Conversely, I do not PGR healthy, thick SA. I control growth by limiting N and water.


----------



## Ecks from Tex (Apr 26, 2018)

@Greendoc I guess I understand what you are saying to mean don't apply to healthy parts of my lawn, only to a test area in one of the patches that will not thicken?


----------



## Greendoc (Mar 24, 2018)

Yes. One of my mentors, a golf super, warned me about what PGR can do to grass. It will reduce height and thicken it yes. That thickening can also translate to thatching. If it were me, I would PGR and fertilize the part of the lawn that needs work and keep the rest of the lawn on minimal Nitrogen and water.


----------



## BakerGreenLawnMaker (Mar 13, 2018)

Ecks from Tex said:


> Interesting insight thanks man. I honestly may try it on a portion just to see if it thickens. I'm in my second season with this grass and it has not grown out/thickened at all. If I can't make progress this season I'm just going to re-sod.

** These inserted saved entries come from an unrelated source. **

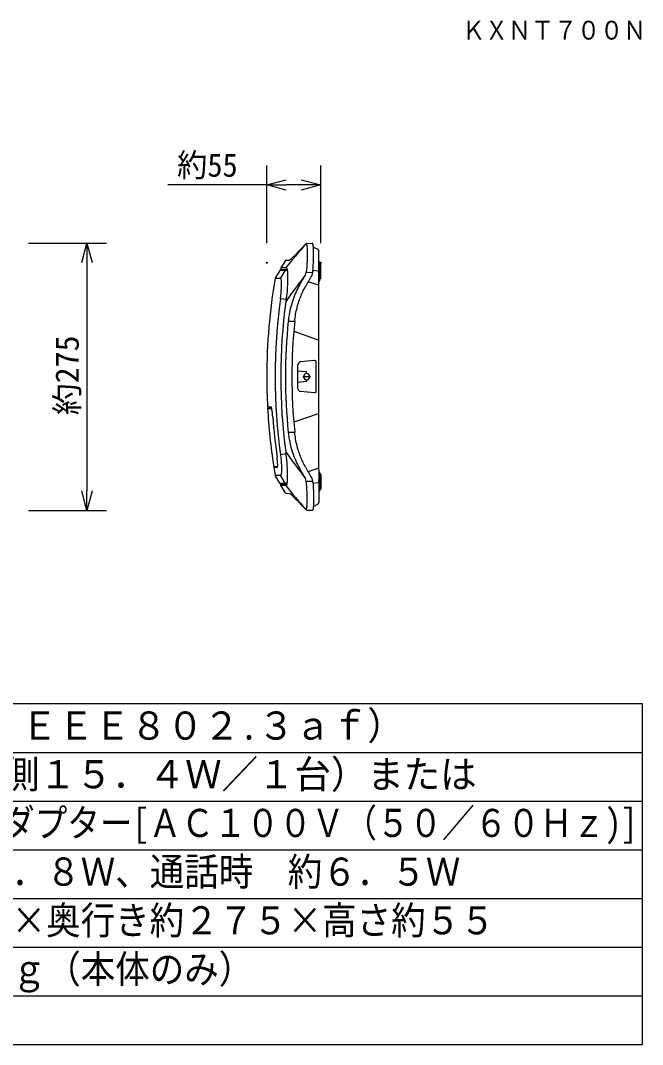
# Model space of a CAD drawing. Units: millimetres, scale not verified. Extents: x -63 to 63, y -57 to 57.
# Drawn here: x -1.4 to 62.5, y -56.5 to 48.7 of the extents above; entities that cross this region are included whole.
import ezdxf
from ezdxf.enums import TextEntityAlignment as Align

# ---------------------------------------------------------------- set-up
doc = ezdxf.new("R2010")
doc.units = ezdxf.units.MM
doc.header["$LTSCALE"] = 0.190236
doc.header["$PDMODE"] = 32
doc.header["$PDSIZE"] = 0.0951
doc.linetypes.add('LONG_CHAIN', pattern=[21, 18, -1, 1, -1])
for name, color, linetype in [('0-0_MOJI1', 2, 'Continuous'), ('0-1_TOUROKU', 1, 'Continuous'), ('0-2_WAKU', 3, 'Continuous'), ('0-3_GAIKEI', 1, 'Continuous')]:
    doc.layers.add(name, color=color, linetype=linetype)
doc.styles.add('ＭＳ ゴシック', font='')
doc.styles.get('ＭＳ ゴシック').set_extended_font_data('MS Gothic')

# ---------------------------------------------------------------- blocks, each defined once
blk = doc.blocks.new('_OPEN30')
at = {"layer": '0-3_GAIKEI', "color": 7}
blk.add_line((0, 0), (-1, 0), dxfattribs=at)
blk.add_lwpolyline([(-1, 0.26795), (0, 0), (-1, -0.26795)], dxfattribs=at)

msp = doc.modelspace()

# ---------------------------------------------------------------- linework, layer by layer
at = {"layer": '0-2_WAKU'}
for p, q in [((23.9157, 25.7822), (23.9157, 33.7822)), ((29.4624, 25.7822), (29.4624, 33.7822)), ((23.9157, 31.7822), (13.749, 31.7822)), ((27.4624, 31.7822), (25.9157, 31.7822)), ((-0.5561, 25.8137), (7.4439, 25.8137)), ((5.4439, 23.8137), (5.4439, 0.3486)), ((-0.5561, -1.6514), (7.4439, -1.6514))]:
    msp.add_line(p, q, dxfattribs=at)
at = {"layer": '0-2_WAKU', "color": 4}
for p, q in [((62.5001, -21.5), (-62.5001, -21.5)), ((62.5001, -56.5001), (62.5001, -21.5)), ((-62.5001, -56.5001), (62.5001, -56.5001))]:
    msp.add_line(p, q, dxfattribs=at)
at = {"layer": '0-2_WAKU', "color": 1}
for p, q in [((-62.5001, -26.5), (62.5001, -26.5)), ((-62.5001, -31.5001), (62.5001, -31.5001)), ((-62.5001, -36.5001), (62.5001, -36.5001)), ((-62.5001, -41.5001), (62.5001, -41.5001)), ((-62.5001, -46.5001), (62.5001, -46.5001)), ((-62.5001, -51.5001), (62.5001, -51.5001))]:
    msp.add_line(p, q, dxfattribs=at)
at = {"layer": '0-3_GAIKEI'}
for p, q in [((27.8927, 25.6836), (27.8888, 25.6796)), ((27.8927, 25.6836), (27.8888, 25.6796)), ((25.8585, 23.2539), (25.3501, 23.2539)), ((25.8585, 23.2539), (25.8928, 23.255)), ((29.2633, 23.8321), (29.2624, 23.8321)), ((29.2633, 22.8812), (29.2633, 23.8321)), ((29.3133, 23.8321), (29.2633, 23.8321)), ((29.4624, 23.6312), (29.3624, 23.6312)), ((24.7721, 22.2013), (25.3174, 22.2013)), ((25.2976, 23.028), (26.0128, 23.028)), ((25.3112, 23.0985), (26.0007, 23.0985)), ((25.8049, 23.028), (25.344, 22.2725)), ((27.882, 22.5539), (27.8781, 22.5472)), ((28.0427, 22.8052), (28.5814, 22.7982)), ((28.6553, 23.0276), (29.1519, 22.9607)), ((29.2624, 22.9241), (29.2624, 22.6554)), ((29.4624, 22.1312), (29.3624, 22.1312)), ((29.4624, 22.1312), (29.3624, 22.1312)), ((29.1109, 21.5136), (28.1644, 21.8417)), ((29.2633, 21.9304), (29.2624, 21.9304)), ((29.2633, 21.9304), (29.2625, 21.9304)), ((29.3133, 21.9304), (29.2633, 21.9304)), ((25.8917, 20.0161), (25.344, 20.091)), ((26.1164, 17.7973), (26.1947, 17.7896)), ((26.1947, 17.7896), (26.7269, 17.7897)), ((26.7269, 17.7897), (26.7792, 17.7845)), ((26.6855, 16.7489), (29.1771, 15.8852)), ((29.1771, 15.8852), (29.2624, 15.8852)), ((28.8194, 13.7304), (27.3863, 13.605)), ((27.1124, 10.8559), (27.1124, 13.3061)), ((27.98, 12.5836), (27.1124, 12.6595)), ((28.9733, 10.5182), (28.9733, 13.6439)), ((27.98, 11.5786), (27.1124, 11.5027)), ((28.0074, 12.4012), (28.0074, 12.5537)), ((28.0074, 11.7611), (28.0074, 11.6085)), ((28.8194, 10.4317), (27.3863, 10.5571)), ((23.9922, 8.9879), (24.3465, 8.9879)), ((24.0005, 8.831), (24.3493, 8.831)), ((24.0478, 8.8836), (24.3469, 8.8993)), ((24.0521, 8.931), (24.3834, 8.931)), ((24.3469, 8.8993), (24.3964, 8.8993)), ((24.3963, 8.8837), (24.4015, 8.8839)), ((29.1771, 8.2769), (26.6855, 7.4132)), ((29.1771, 8.2769), (29.2624, 8.2769)), ((26.1164, 6.3647), (26.1947, 6.3725)), ((26.1947, 6.3725), (26.7269, 6.3723)), ((25.8917, 4.1462), (25.344, 4.0713)), ((24.9988, 2.7617), (24.6406, 2.7617)), ((24.6625, 2.8789), (24.9758, 2.8625)), ((25.027, 2.831), (24.6999, 2.831)), ((24.9754, 2.8625), (25.032, 2.8625)), ((29.1109, 2.6487), (28.1644, 2.3206)), ((29.2633, 2.2319), (29.2624, 2.2319)), ((29.2633, 2.2319), (29.2625, 2.2319)), ((29.3133, 2.2319), (29.2633, 2.2319)), ((29.2633, 2.2319), (29.2633, 1.281)), ((29.3624, 2.1819), (29.3624, 1.281)), ((24.7721, 1.9609), (25.3174, 1.9609)), ((25.2976, 1.1343), (26.0128, 1.1343)), ((25.3112, 1.0638), (26.0007, 1.0638)), ((25.8049, 1.1343), (25.344, 1.8898)), ((28.0427, 1.357), (28.5814, 1.3641)), ((28.6553, 1.1347), (29.1519, 1.2015)), ((29.2633, 1.281), (29.2633, 0.3302)), ((29.4624, 2.031), (29.3624, 2.031)), ((29.4624, 2.031), (29.3624, 2.031)), ((29.3624, 1.281), (29.3624, 0.3801)), ((29.4624, 2.031), (29.4624, 1.281)), ((29.4624, 1.281), (29.4624, 0.531)), ((25.8585, 0.9084), (25.3501, 0.9084)), ((25.8585, 0.9084), (25.8928, 0.9073)), ((29.2633, 0.3302), (29.2624, 0.3301)), ((29.3133, 0.3302), (29.2633, 0.3302)), ((29.4624, 0.531), (29.3624, 0.531))]:
    msp.add_line(p, q, dxfattribs=at)
at = {"layer": '0-3_GAIKEI', "color": 7}
for p, q in [((28.0334, 25.7697), (28.5718, 25.799)), ((28.7019, 25.3982), (29.1495, 25.1817)), ((29.2624, 25.0017), (29.2624, 24.996)), ((29.2624, 22.9241), (29.2624, 24.996)), ((25.3501, 23.2539), (25.3112, 23.0985)), ((25.835, 24.0029), (25.3501, 23.2539)), ((25.9137, 24.0484), (26.2385, 24.0654)), ((25.2465, 22.9994), (24.7989, 22.2724)), ((28.6463, 22.9198), (28.6406, 22.8563)), ((29.2624, 21.6508), (29.2624, 22.6554)), ((29.2633, 21.9304), (29.2633, 22.8812)), ((29.2624, 15.8852), (29.2624, 21.6506)), ((29.2624, 8.2769), (29.2624, 15.8852)), ((29.2624, 2.5115), (29.2624, 8.2769)), ((26.7269, 6.3723), (26.7792, 6.3775)), ((29.2624, 2.5115), (29.2624, 1.5069)), ((25.2465, 1.1628), (24.7989, 1.8898)), ((25.3501, 0.9084), (25.3112, 1.0638)), ((28.6463, 1.2425), (28.6406, 1.306)), ((29.2624, 1.2382), (29.2624, 1.5069)), ((29.2624, 1.2382), (29.2624, -0.8337)), ((25.835, 0.1594), (25.3501, 0.9084)), ((25.9137, 0.1139), (26.2385, 0.0969)), ((28.7019, -1.2359), (29.1495, -1.0195)), ((29.2624, -0.8394), (29.2624, -0.8337)), ((27.8927, -1.5213), (27.8888, -1.5173)), ((28.0334, -1.6074), (28.5718, -1.6367))]:
    msp.add_line(p, q, dxfattribs=at)
at = {"layer": '0-3_GAIKEI', "linetype": 'LONG_CHAIN'}
msp.add_line((28.3924, 12.081), (27.6124, 12.081), dxfattribs=at)
at = {"layer": '0-3_GAIKEI', "color": 7}
for points in [[(28.0334, 25.7697), (28.0075, 25.7654), (27.9791, 25.7541), (27.9532, 25.7379), (27.9193, 25.7097), (27.8927, 25.6836)], [(28.6463, 22.9198), (28.6679, 23.1994), (28.6837, 23.4641), (28.6996, 23.8346), (28.7091, 24.1747), (28.7149, 24.5826), (28.7149, 24.9391), (28.7111, 25.1718), (28.7065, 25.3099), (28.7002, 25.4237), (28.6925, 25.5161), (28.6821, 25.598), (28.6757, 25.6349), (28.6683, 25.6691), (28.6595, 25.7006), (28.6513, 25.7242), (28.6412, 25.747)], [(26.2375, 24.0653), (26.2674, 24.0822), (26.317, 24.1153), (26.376, 24.1594), (26.4771, 24.2425), (26.5707, 24.3253), (26.6714, 24.4186), (26.8357, 24.5782), (27.019, 24.7639), (27.2105, 24.9647), (27.2757, 25.0344)], [(29.1495, 25.1817), (29.1511, 25.1786), (29.1519, 25.1711)], [(26.7792, 17.7845), (26.7991, 17.9656), (26.8225, 18.1458), (26.8492, 18.3247), (26.8792, 18.5018), (26.9124, 18.6768), (26.9484, 18.8494), (26.9872, 19.0191), (27.0286, 19.186), (27.0724, 19.3496), (27.1183, 19.5099), (27.1663, 19.6668), (27.2162, 19.8202), (27.2678, 19.9702), (27.321, 20.1167), (27.3756, 20.2596), (27.4315, 20.3991), (27.4885, 20.5352), (27.5467, 20.6679), (27.6058, 20.7973), (27.6658, 20.9235), (27.7267, 21.0466), (27.8505, 21.2835), (27.9134, 21.3975)], [(27.9134, 2.7645), (27.7884, 2.9954), (27.7268, 3.1153), (27.666, 3.2383), (27.6059, 3.3645), (27.5467, 3.494), (27.4885, 3.6268), (27.4314, 3.763), (27.3755, 3.9026), (27.3209, 4.0457), (27.2677, 4.1923), (27.2161, 4.3423), (27.1662, 4.4957), (27.1182, 4.6526), (27.0723, 4.8129), (27.0285, 4.9765), (26.9872, 5.1432), (26.9484, 5.313), (26.9123, 5.4854), (26.8792, 5.6604), (26.8492, 5.8375), (26.8224, 6.0163), (26.7991, 6.1965), (26.7792, 6.3775)], [(28.6463, 1.2425), (28.6679, 0.9628), (28.6837, 0.6981), (28.6996, 0.3277), (28.7091, -0.0124), (28.7149, -0.4203), (28.7149, -0.7768), (28.7111, -1.0096), (28.7065, -1.1476), (28.7002, -1.2614), (28.6925, -1.3539), (28.6821, -1.4357), (28.6757, -1.4726), (28.6683, -1.5068), (28.6595, -1.5384), (28.6513, -1.5619), (28.6412, -1.5847)], [(26.2375, 0.0969), (26.2674, 0.0801), (26.317, 0.0469), (26.376, 0.0028), (26.4771, -0.0803), (26.5707, -0.163), (26.6714, -0.2564), (26.8357, -0.4159), (27.019, -0.6017), (27.2105, -0.8024), (27.2757, -0.8722)], [(29.1495, -1.0195), (29.1511, -1.0163), (29.1519, -1.0088)], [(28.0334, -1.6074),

I have SA too, and I to have issues with my SA filling in bare or thin spots. This is my second year in this house and I honestly have a love/hate relationships with SA. It's not like your Bermuda and zoysia lawns, we are limited to what we can and can't do to it. I found if I hit in the beginning of the spring with a starter fert and a heavy dose of Milo, it comes in really strong end of May beginning of June. This year on the other hand I cut it really really low at the end of March to try and rid it of thatch, and threw some 16-25-12 out with a dose of Milo, the lawn right now looks to be recovering quite well. I still have a ton of weeds where there is more shade, but hopefully those weeds will be chocked out come mid summer. I do plan on throwing out some 20-0-3 by Fertilome in mid June and see if it kills all the weeds and see if it will promote growth to the SA. This is the summer of trial and error with my SA.


----------



## Greendoc (Mar 24, 2018)

How low and how often are you mowing? SA acts differently from other grasses in terms of how it reacts to mowing as well. One of the best things I do to a SA lawn with issues is to basically leave it alone. No more every 3-7 day mowings. Ensure it does not dry out. But otherwise stay off of it and let it grow. With that treatment, if the SA was under stress, what I see after 2 weeks of leaving it alone is a lawn about 6" tall, with the areas that were concerning me substantially repaired. BTW, low and frequent mowing often causes a thatch problem in SA. That and overfeeding. Less is a lot more when dealing with SA. I call that the lowest maintenance turfgrass. It is for people that do not want to have to mow low and mow often or even fertilize.


----------



## BakerGreenLawnMaker (Mar 13, 2018)

What are some inexpensive herbicides that I could use to rid my lawn of weeds. Seems like all the weed killers have 2, 4-D in them, and SA doesn't take to kindly to 24D.


----------



## Bunnysarefat (May 4, 2017)

Interesting about the PGR. @Ecks from Tex what kind of sun does the SA get that you're trying to get to spread?


----------



## Greendoc (Mar 24, 2018)

BakerGreenLawnMaker said:


> What are some inexpensive herbicides that I could use to rid my lawn of weeds. Seems like all the weed killers have 2, 4-D in them, and SA doesn't take to kindly to 24D.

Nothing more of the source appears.